His mother just pulled tissues out of the middle of the couch. he just left his house for some reason and is now walking by a river and sees a bridge.....will he jump? zooming in on the water randomly....now the guy he beat up in the first scene has come back and acked him for something. i can't understand him or anything, but alex gave the guy what he wanted. No the guy reconises Alex. "Holy mother of God." He yelled at Alex. Now a buncho old hobos are beating him up, and he's not doing anything about it. But these policemen saved him....and they're his old friends! Fancy that. They arrested him or something, and now they're taking him somewhere in the woods. there's a lot of 'brother this' and 'brother that' going on. Ouch, they just beat him with a police bat. They submerged his head in a random metal bathtub in the woods and are beating the tub with the rod, making weird noises. He was under the water for far too long, they even didn't change scenes. but he's ok, of course. The police men left...
Scene change: enter random thunderstorm.
The first old guy is back, typing on his typewriter again. There's no pod chair in the house anymore, only someone wearing little to nothing and lifting weights. Bummer, i liked that chair.
told you this was a wierd movie. Oh, the old man is in a wheelchair now. will the old guy reconise Alex? Yes, but only because he was in the papers because of this treatment, not because of when he came in with his friends before and raped his trophy wife. LOL, old guy is suckin ghis thumb now. He has a new tpyewriter though, his old one was huge!!

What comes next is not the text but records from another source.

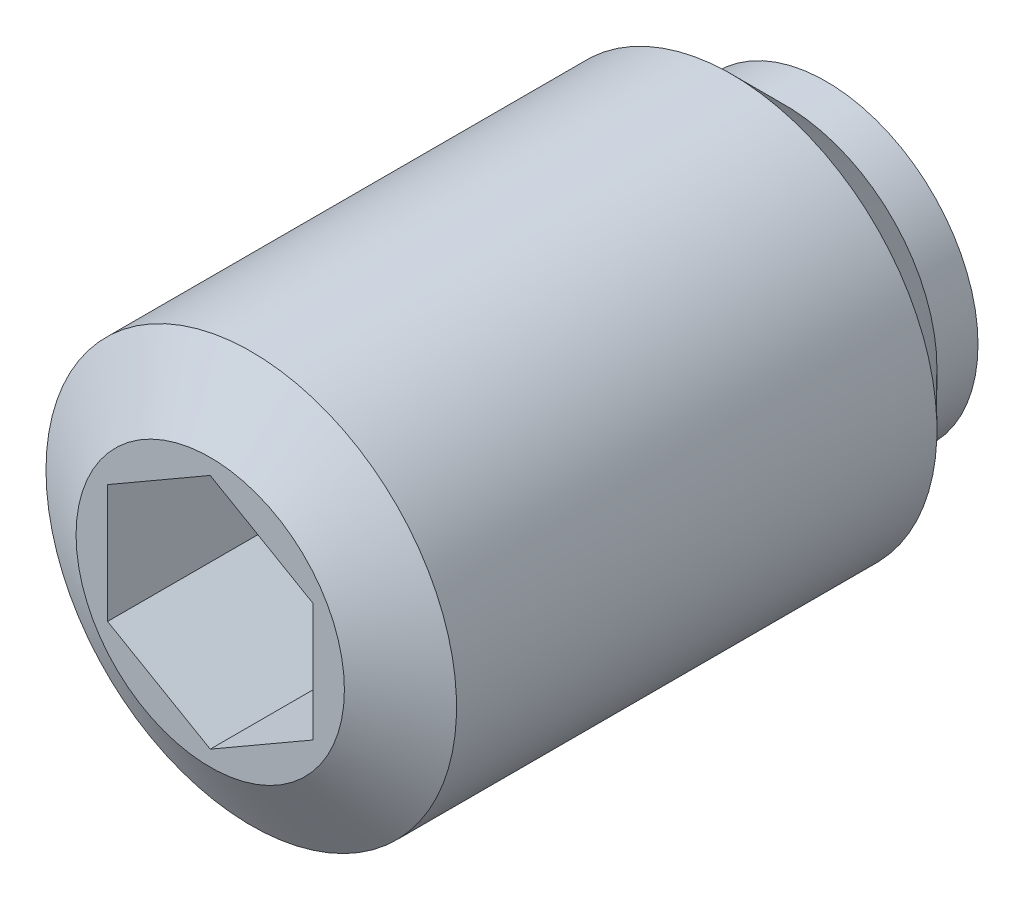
ISO-10303-21;
HEADER;
FILE_DESCRIPTION(('STEP AP214'),'2;1');
FILE_NAME('part.step','',(''),(''),'','','');
FILE_SCHEMA(('AUTOMOTIVE_DESIGN { 1 0 10303 214 1 1 1 1 }'));
ENDSEC;
DATA;
#1=APPLICATION_CONTEXT('core data for automotive mechanical design processes');
#2=APPLICATION_PROTOCOL_DEFINITION('international standard','automotive_design',2000,#1);
#3=PRODUCT_CONTEXT('',#1,'mechanical');
#4=PRODUCT('Part','Part','',(#3));
#5=PRODUCT_RELATED_PRODUCT_CATEGORY('part','',(#4));
#6=PRODUCT_DEFINITION_FORMATION('','',#4);
#7=PRODUCT_DEFINITION_CONTEXT('part definition',#1,'design');
#8=PRODUCT_DEFINITION('design','',#6,#7);
#9=PRODUCT_DEFINITION_SHAPE('','',#8);
#10=(LENGTH_UNIT() NAMED_UNIT(*) SI_UNIT(.MILLI.,.METRE.));
#11=(NAMED_UNIT(*) PLANE_ANGLE_UNIT() SI_UNIT($,.RADIAN.));
#12=(NAMED_UNIT(*) SI_UNIT($,.STERADIAN.) SOLID_ANGLE_UNIT());
#13=UNCERTAINTY_MEASURE_WITH_UNIT(LENGTH_MEASURE(1.E-05),#10,'distance_accuracy_value','');
#14=(GEOMETRIC_REPRESENTATION_CONTEXT(3) GLOBAL_UNCERTAINTY_ASSIGNED_CONTEXT((#13)) GLOBAL_UNIT_ASSIGNED_CONTEXT((#10,
#11,#12)) REPRESENTATION_CONTEXT('',''));
#15=CARTESIAN_POINT('',(0.,0.,0.));
#16=DIRECTION('',(0.,0.,1.));
#17=DIRECTION('',(1.,0.,0.));
#18=AXIS2_PLACEMENT_3D('',#15,#16,#17);
#19=CARTESIAN_POINT('',(0.,1.01980390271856,0.));
#20=DIRECTION('',(0.,0.,1.));
#21=DIRECTION('',(-1.,0.,0.));
#22=AXIS2_PLACEMENT_3D('',#19,#20,#21);
#23=PLANE('',#22);
#24=CARTESIAN_POINT('',(0.,0.,0.));
#25=DIRECTION('',(0.,0.,1.));
#26=DIRECTION('',(-1.,0.,0.));
#27=AXIS2_PLACEMENT_3D('',#24,#25,#26);
#28=CIRCLE('',#27,1.01980390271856);
#29=CARTESIAN_POINT('',(0.,1.01980390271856,0.));
#30=VERTEX_POINT('',#29);
#31=EDGE_CURVE('E9',#30,#30,#28,.T.);
#32=ORIENTED_EDGE('',*,*,#31,.F.);
#33=EDGE_LOOP('',(#32));
#34=FACE_BOUND('',#33,.T.);
#35=ADVANCED_FACE('F14',(#34),#23,.F.);
#36=CARTESIAN_POINT('',(0.,0.,1.1));
#37=DIRECTION('',(0.,0.,1.));
#38=DIRECTION('',(0.,1.,0.));
#39=AXIS2_PLACEMENT_3D('',#36,#37,#38);
#40=SPHERICAL_SURFACE('',#39,1.5);
#41=CARTESIAN_POINT('',(0.,0.,0.3));
#42=DIRECTION('',(0.,0.,1.));
#43=DIRECTION('',(-1.,0.,0.));
#44=AXIS2_PLACEMENT_3D('',#41,#42,#43);
#45=CIRCLE('',#44,1.26885775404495);
#46=CARTESIAN_POINT('',(0.,1.26885775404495,0.3));
#47=VERTEX_POINT('',#46);
#48=EDGE_CURVE('E21',#47,#47,#45,.T.);
#49=CARTESIAN_POINT('',(0.,1.26885775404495,0.3));
#50=CARTESIAN_POINT('',(0.,1.26668545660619,0.296554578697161));
#51=CARTESIAN_POINT('',(0.,1.26449912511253,0.293118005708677));
#52=CARTESIAN_POINT('',(0.,1.26009854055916,0.286262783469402));
#53=CARTESIAN_POINT('',(0.,1.25788428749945,0.28284413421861));
#54=CARTESIAN_POINT('',(0.,1.25342800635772,0.276024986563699));
#55=CARTESIAN_POINT('',(0.,1.2511859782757,0.27262448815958));
#56=CARTESIAN_POINT('',(0.,1.24667429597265,0.265841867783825));
#57=CARTESIAN_POINT('',(0.,1.24440464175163,0.26245974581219));
#58=CARTESIAN_POINT('',(0.,1.23983785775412,0.255714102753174));
#59=CARTESIAN_POINT('',(0.,1.23754072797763,0.252350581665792));
#60=CARTESIAN_POINT('',(0.,1.23291914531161,0.245642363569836));
#61=CARTESIAN_POINT('',(0.,1.23059469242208,0.242297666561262));
#62=CARTESIAN_POINT('',(0.,1.22591861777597,0.235627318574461));
#63=CARTESIAN_POINT('',(0.,1.2235669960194,0.232301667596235));
#64=CARTESIAN_POINT('',(0.,1.21883673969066,0.225669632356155));
#65=CARTESIAN_POINT('',(0.,1.21645810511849,0.222363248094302));
#66=CARTESIAN_POINT('',(0.,1.21167398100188,0.215769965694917));
#67=CARTESIAN_POINT('',(0.,1.20926849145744,0.212483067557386));
#68=CARTESIAN_POINT('',(0.,1.20443081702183,0.205928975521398));
#69=CARTESIAN_POINT('',(0.,1.20199863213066,0.202661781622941));
#70=CARTESIAN_POINT('',(0.,1.19710772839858,0.196147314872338));
#71=CARTESIAN_POINT('',(0.,1.19464900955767,0.192900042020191));
#72=CARTESIAN_POINT('',(0.,1.18970520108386,0.186425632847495));
#73=CARTESIAN_POINT('',(0.,1.18722011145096,0.183198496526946));
#74=CARTESIAN_POINT('',(0.,1.18222372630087,0.176764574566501));
#75=CARTESIAN_POINT('',(0.,1.17971243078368,0.173557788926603));
#76=CARTESIAN_POINT('',(0.,1.17466380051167,0.167164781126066));
#77=CARTESIAN_POINT('',(0.,1.17212646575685,0.163978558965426));
#78=CARTESIAN_POINT('',(0.,1.16702592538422,0.157626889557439));
#79=CARTESIAN_POINT('',(0.,1.16446271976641,0.154461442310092));
#80=CARTESIAN_POINT('',(0.,1.15931060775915,0.148151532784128));
#81=CARTESIAN_POINT('',(0.,1.15672170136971,0.145007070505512));
#82=CARTESIAN_POINT('',(0.,1.15151835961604,0.138739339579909));
#83=CARTESIAN_POINT('',(0.,1.14890392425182,0.135616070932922));
#84=CARTESIAN_POINT('',(0.,1.14364969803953,0.129390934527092));
#85=CARTESIAN_POINT('',(0.,1.14100990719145,0.126289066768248));
#86=CARTESIAN_POINT('',(0.,1.13570514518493,0.120106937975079));
#87=CARTESIAN_POINT('',(0.,1.13304017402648,0.117026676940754));
#88=CARTESIAN_POINT('',(0.,1.12768522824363,0.1108879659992));
#89=CARTESIAN_POINT('',(0.,1.12499525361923,0.107829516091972));
#90=CARTESIAN_POINT('',(0.,1.1195904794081,0.101734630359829));
#91=CARTESIAN_POINT('',(0.,1.11687567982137,0.0986981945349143));
#92=CARTESIAN_POINT('',(0.,1.11142143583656,0.0926475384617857));
#93=CARTESIAN_POINT('',(0.,1.10868199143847,0.0896333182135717));
#94=CARTESIAN_POINT('',(0.,1.10317863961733,0.0836272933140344));
#95=CARTESIAN_POINT('',(0.,1.10041473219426,0.080635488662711));
#96=CARTESIAN_POINT('',(0.,1.09486263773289,0.0746744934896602));
#97=CARTESIAN_POINT('',(0.,1.09207445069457,0.0717053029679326));
#98=CARTESIAN_POINT('',(0.,1.08647398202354,0.0657897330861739));
#99=CARTESIAN_POINT('',(0.,1.08366170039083,0.0628433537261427));
#100=CARTESIAN_POINT('',(0.,1.07801322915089,0.0569736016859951));
#101=CARTESIAN_POINT('',(0.,1.07517703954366,0.0540502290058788));
#102=CARTESIAN_POINT('',(0.,1.06948094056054,0.0482266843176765));
#103=CARTESIAN_POINT('',(0.,1.06662103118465,0.0453265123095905));
#104=CARTESIAN_POINT('',(0.,1.06087768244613,0.0395495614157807));
#105=CARTESIAN_POINT('',(0.,1.0579942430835,0.036672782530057));
#106=CARTESIAN_POINT('',(0.,1.0522040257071,0.0309428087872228));
#107=CARTESIAN_POINT('',(0.,1.04929724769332,0.0280896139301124));
#108=CARTESIAN_POINT('',(0.,1.04346054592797,0.0224069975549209));
#109=CARTESIAN_POINT('',(0.,1.0405306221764,0.01957757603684));
#110=CARTESIAN_POINT('',(0.,1.03464782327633,0.013942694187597));
#111=CARTESIAN_POINT('',(0.,1.03169494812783,0.011137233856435));
#112=CARTESIAN_POINT('',(0.,1.02576644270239,0.00555046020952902));
#113=CARTESIAN_POINT('',(0.,1.02279081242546,0.00276914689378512));
#114=CARTESIAN_POINT('',(0.,1.01980390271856,0.));
#115=B_SPLINE_CURVE_WITH_KNOTS('',3,(#49,#50,#51,#52,#53,#54,#55,#56,#57,#58,#59,#60,#61,#62,
#63,#64,#65,#66,#67,#68,#69,#70,#71,#72,#73,#74,#75,#76,#77,#78,#79,#80,#81,#82,#83,#84,#85,#86,
#87,#88,#89,#90,#91,#92,#93,#94,#95,#96,#97,#98,#99,#100,#101,#102,#103,#104,#105,#106,#107,
#108,#109,#110,#111,#112,#113,#114),.UNSPECIFIED.,.F.,.F.,(4,2,2,2,2,2,2,2,2,2,2,2,2,2,2,2,2,2,
2,2,2,2,2,2,2,2,2,2,2,2,2,2,4),(0.,0.0122191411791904,0.0244382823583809,0.0366574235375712,
0.0488765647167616,0.061095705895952,0.0733148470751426,0.0855339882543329,0.0977531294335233,
0.109972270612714,0.122191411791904,0.134410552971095,0.146629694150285,0.158848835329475,
0.171067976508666,0.183287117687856,0.195506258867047,0.207725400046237,0.219944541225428,
0.232163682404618,0.244382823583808,0.256601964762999,0.268821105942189,0.281040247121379,
0.29325938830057,0.30547852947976,0.317697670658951,0.329916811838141,0.342135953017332,
0.354355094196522,0.366574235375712,0.378793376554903,0.391012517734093),.UNSPECIFIED.);
#116=EDGE_CURVE('BSEAM141',#47,#30,#115,.T.);
#117=ORIENTED_EDGE('',*,*,#48,.F.);
#118=ORIENTED_EDGE('',*,*,#31,.T.);
#119=ORIENTED_EDGE('',*,*,#116,.T.);
#120=ORIENTED_EDGE('',*,*,#116,.F.);
#121=EDGE_LOOP('',(#117,#119,#118,#120));
#122=FACE_BOUND('',#121,.T.);
#123=ADVANCED_FACE('F141',(#122),#40,.T.);
#124=CARTESIAN_POINT('',(0.,1.85,0.3));
#125=DIRECTION('',(0.,0.,1.));
#126=DIRECTION('',(-1.,0.,0.));
#127=AXIS2_PLACEMENT_3D('',#124,#125,#126);
#128=PLANE('',#127);
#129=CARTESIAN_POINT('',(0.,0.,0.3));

The old guy is having spasms now.
He old guy just said "try the wine," didn't they say that in porates of the carribean? when the girl (whose name I forget) is on the boat with barbossa and he's feeding her and when he says "and the apple" she freezes, drops her chicken and sais "its poisoned?!" Remember? I do.
oh, we just leaned that the old guys wife died from an STD and that he uses the buff guy to carry him and his wheelchair down the stairs. I don;t understand why he would have stairs if he's in a wheelchair. surely they would install ramps.Oh, these people just came over, there are just enough chairs...
He can't listen to beightoven's ninth symphony anymore because of the treatment. I don't know why. ...He just passed out. it was a plot! The old man did something and now they're playing the ninth. He's burping and dry heaving again. The old man is smiling and being creepy. his eyes are rolling back into his head.
Alex just jumped out the window and killed himself.
Never mind.
he's in an almost full body cast; he didn't die. He's in the hospital and there's his bed and another bed beside him covered by a curtain. suddenly, the curtain flies open and the nurse runs out with her top off, the doctor behind her. i wonder what they were doing...
his mother has a purple fro again. His parents are apologising to him now. his new doctor has blue hair. Nope, it's purple. Sorry.
I seriously think that if i ever reread this, I'm going to think I was hi (high) while writing this. it's soooo weird.
Seven minutes left. not much is happening, I'm going to finish soon. Margaret wants to read this. Hi Marg!
all in all, it was a good movie. I wouldn't watch it again. I bet if you were drunk, it would make total sence or somethinng. Oh well, that's it for now.

i'll write more soon
dan

Mood: Weird -  this is the weirdest movie I've ever seen.
Location: Carl's pad - It's sweet. Pretty chill.
Thoughts: none - i've lost all powers of observation after watching this movie.